Thanks for the guidance.
> Thanks,
> Daniel
Hi all,
On Tue, 18 Sep 2018 10:17:03 +0000 Vakul Garg <[email protected]> wrote:
>
> Got it.
> Thanks for the guidance.
So, what should I remove? ;-)
--
Cheers,
Stephen Rothwell
On 09/18/2018 01:48 PM, Stephen Rothwell wrote:
> Hi all,
>
> On Tue, 18 Sep 2018 10:17:03 +0000 Vakul Garg <[email protected]> wrote:
>>
>> Got it.
>> Thanks for the guidance.
>
> So, what should I remove? ;-)
My (very own personal) preference in general would be that we test / assert
the kernel behavior that exists /today/, meaning once we implement support
for multi-record peek we add the corresponding test case along with that
code.
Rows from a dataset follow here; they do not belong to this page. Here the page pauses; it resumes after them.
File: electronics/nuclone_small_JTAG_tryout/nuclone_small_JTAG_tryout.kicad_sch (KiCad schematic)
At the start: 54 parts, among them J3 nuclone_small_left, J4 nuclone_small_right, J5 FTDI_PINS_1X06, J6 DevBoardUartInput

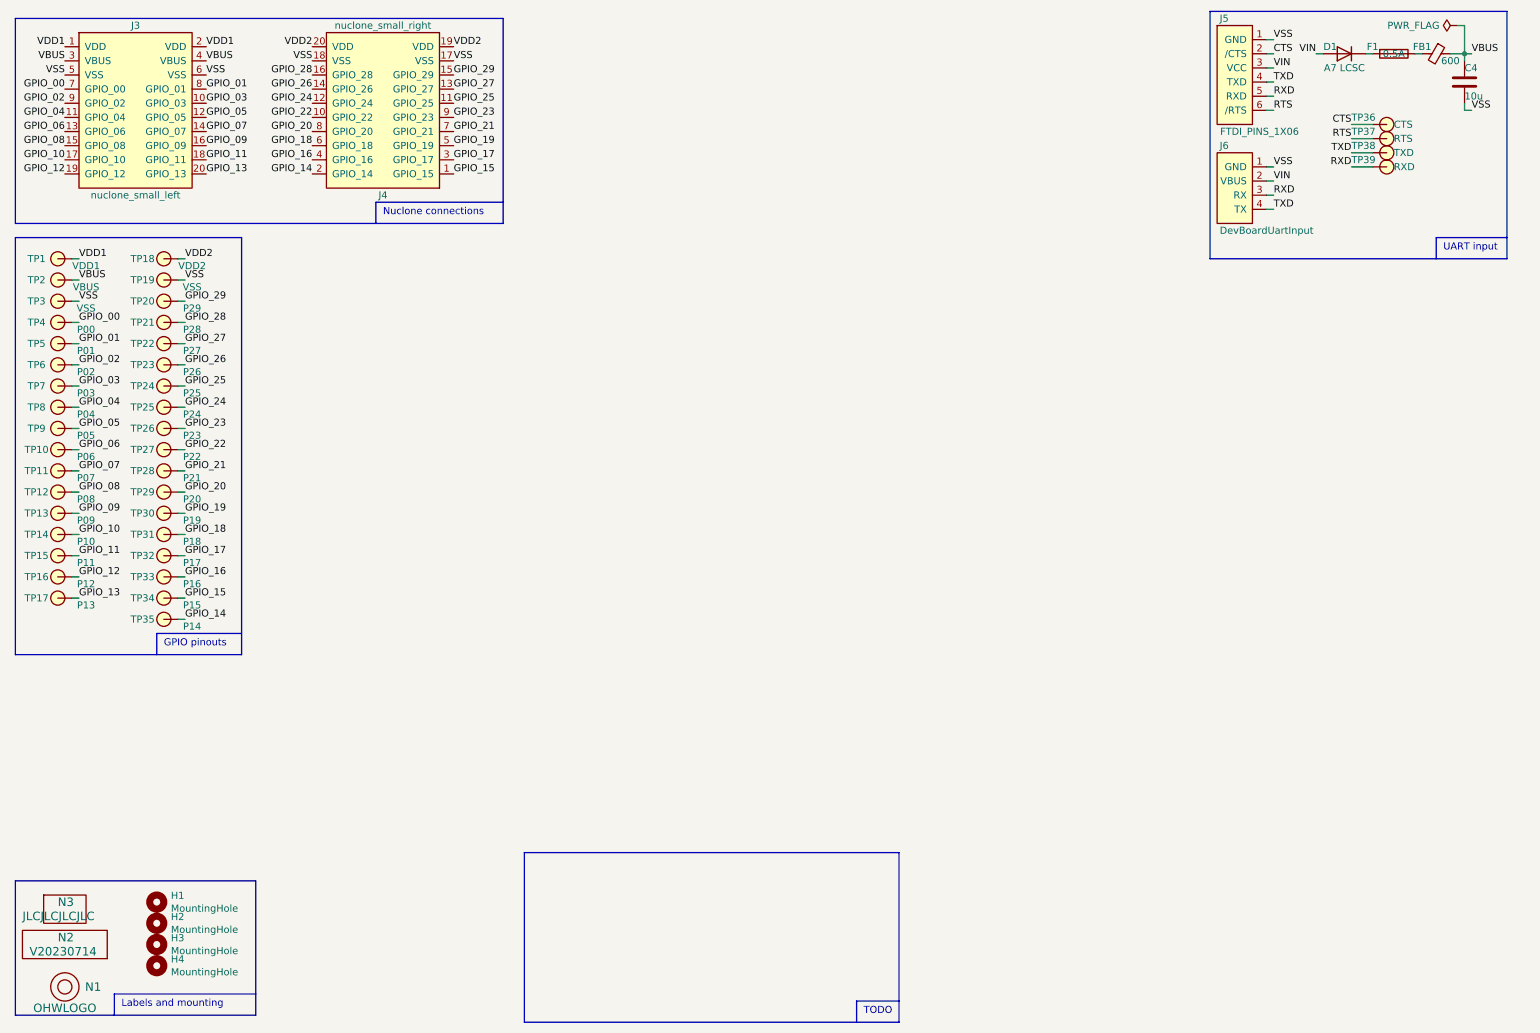
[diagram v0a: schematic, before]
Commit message: WIP schematic entry: added reset control/detection and power control/detection
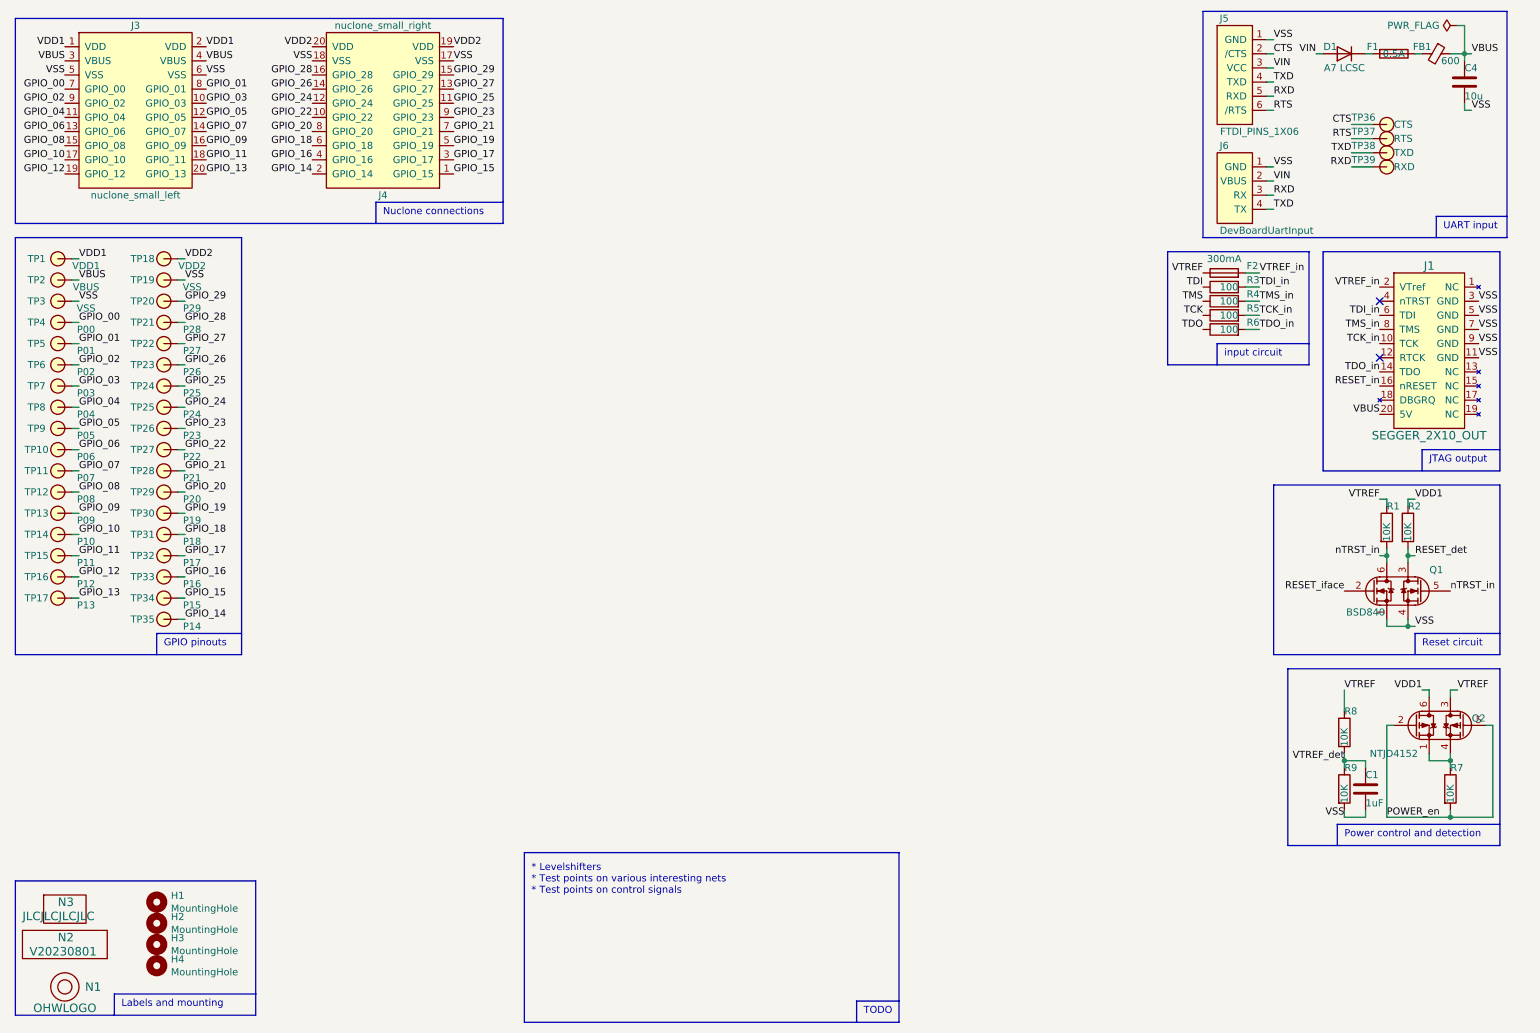
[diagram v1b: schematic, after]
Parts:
- added C1: 1uF, SquantorRcl:C_0603, symbol Device:C
- added F2: 300mA, SquantorRcl:F_0603_hand, symbol Device:Fuse
- added J1: SEGGER_2X10_OUT, SquantorConnectors:Header-0254-2X10-H010, symbol SquantorConnectorsNamed:SEGGER_2X10_OUT
- added Q1: BSD840, SquantorIC:SOT363-NXP-hand, symbol SquantorDevice:Q_NMOS_DUAL
- added Q2: NTJD4152, SquantorIC:SOT363-NXP-hand, symbol SquantorDevice:Q_PMOS_DUAL
- added R1, R2, R7, R8, R9: 10K, SquantorRcl:R_0603_hand, symbol Device:R
- added R3, R4, R5, R6: 100, SquantorRcl:R_0603_hand, symbol Device:R
- N2: value V20230714 -> V20230801
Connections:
- net VBUS: now also J1.20 (5V)
- net VDD1: now also Q2.6 (D1), R2.1
- net VSS: now also C1.2, J1.11 (GND), J1.3 (GND), J1.5 (GND), J1.7 (GND), J1.9 (GND), Q1.1 (S1), Q1.4 (S2), R9.2
- new net: Q2.1 (S1), Q2.4 (S2), R7.1
- new net POWER_en: Q2.2 (G1), Q2.5 (G2), R7.2
- new net RESET_det: Q1.3 (D2), R2.2
- new net RESET_iface: Q1.2 (G1)
- new net RESET_in: J1.16 (nRESET)
- new net TCK: R5.1
- new net TCK_in: J1.10 (TCK), R5.2
- new net TDI: R3.1
- new net TDI_in: J1.6 (TDI), R3.2
- new net TDO: R6.1
- new net TDO_in: J1.14 (TDO), R6.2
- new net TMS: R4.1
- new net TMS_in: J1.8 (TMS), R4.2
- new net VTREF: F2.1, Q2.3 (D2), R1.1, R8.1
- new net VTREF_det: C1.1, R8.2, R9.1
- new net VTREF_in: F2.2, J1.2 (VTref)
- new net nTRST_in: Q1.5 (G2), Q1.6 (D1), R1.2
- no-connect marks 0 -> 2
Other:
- note added: "* Levelshifters * Test points on various interesting nets * Test points on control signals"
- note added: "JTAG output"
- note added: "Power control and detection"
- note added: "Reset circuit"
- note added: "input circuit"
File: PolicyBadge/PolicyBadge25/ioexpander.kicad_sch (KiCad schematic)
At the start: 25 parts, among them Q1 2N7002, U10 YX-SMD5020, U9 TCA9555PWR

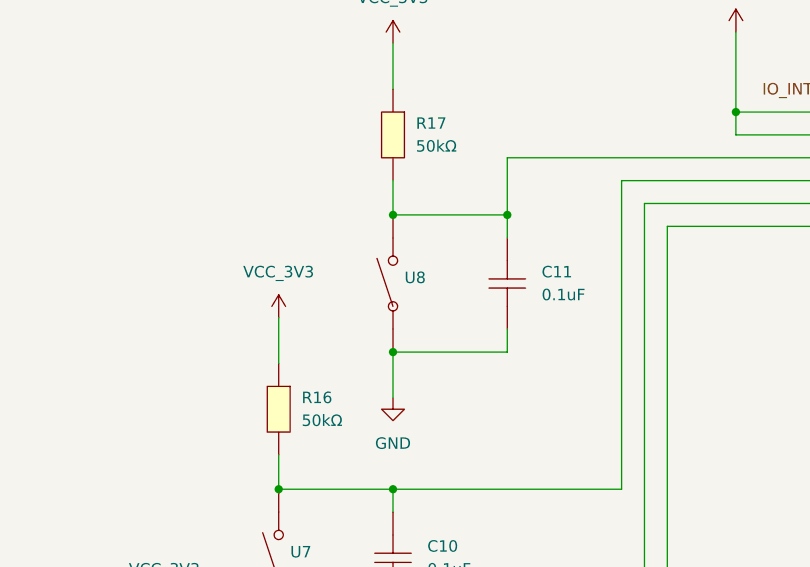
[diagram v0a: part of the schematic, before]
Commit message: removed U5 switch from schematic
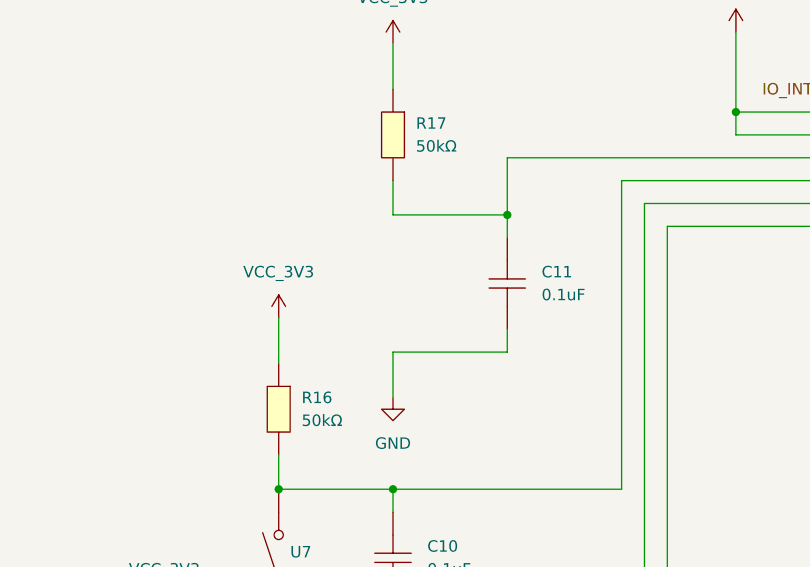
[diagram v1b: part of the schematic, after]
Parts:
- removed U8: ~, imported:SW-TH_HRO_K2-1109DF-EXXW-XX, symbol JLCPCB:K2-1109DF-E4SW-04
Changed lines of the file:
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@@
-	)
-	(junction
-		(at 96.52 64.77)
-		(diameter 0)
-		(color 0 0 0 0)
 	)
 	(junction
@@
 	(junction
 		(at 58.42 161.29)
-		(diameter 0)
-		(color 0 0 0 0)
-	)
-	(junction
-		(at 96.52 80.01)
 		(diameter 0)
 		(color 0 0 0 0)
@@
 					(unit 1)
 				)
-			)
-		)
-	)
-	(symbol
-		(lib_id "JLCPCB:K2-1109DF-E4SW-04")
-		(at 96.52 72.39 90)
-		(unit 1)
-		(exclude_from_sim no)
-		(in_bom yes)
-		(on_board yes)
-		(dnp no)
-		(fields_autoplaced yes)
-		(property "Reference" "U8"
-			(at 97.79 71.7549 90)
-			(effects
-				(font
-					(size 1.27 1.27)
-				)
-				(justify right)
-			)
-		)
-		(property "Value" "~"
-			(at 97.79 73.66 90)
-			(effects
-				(font
-					(size 1.27 1.27)
-				)
-				(justify right)
-			)
-		)
-		(property "Footprint" "imported:SW-TH_HRO_K2-1109DF-EXXW-XX"
-			(at 104.14 72.39 0)
-			(effects
-				(font
-					(size 1.27 1.27)
-				)
-				(hide yes)
-			)
-		)
-		(property "Datasheet" ""
-			(at 96.52 72.39 0)
-			(effects
-				(font
-					(size 1.27 1.27)
-				)
-				(hide yes)
-			)
-		)
-		(property "Description" ""
-			(at 96.52 72.39 0)
-			(effects
-				(font
-					(size 1.27 1.27)
-				)
-				(hide yes)
-			)
-		)
-		(property "LCSC Part" "C2909684"
-			(at 106.68 72.39 0)
-			(effects
-				(font
-					(size 1.27 1.27)
-				)
-				(hide yes)
-			)
-		)
-		(property "MPN" "K2-1109DF-E4SW-04"
-			(at 96.52 72.39 0)
-			(effects
-				(font
-					(size 1.27 1.27)
-				)
-				(hide yes)
-			)
-		)
-		(pin "2"
-		)
-		(pin "1"
-		)
-		(instances
-			(project "PolicyBadge25"
-				(path "/3911717a-8f19-42c2-8f04-ebfae4e12db6/0606a99a-a678-47a5-968e-d91d30829907"
-					(reference "U8")
-					(unit 1)
-				)

Fwiw, this practice would be consistent with the rest of the kernel
selftests development model we have under net (& bpf).
Thanks,
Daniel
From: Daniel Borkmann <[email protected]>
Date: Tue, 18 Sep 2018 11:53:17 +0200
> Ok, I think usually tests assert current kernel behavior to make sure any changes
> coming in don't accidentally break expectations from applications as opposed to
> future tests that still need fixing, but I guess I'm fine either way how to resolve
> the conflict; leaving it up to DaveM. Thanks for clarifying!
I'm doing the merge right now and will leave both tests in.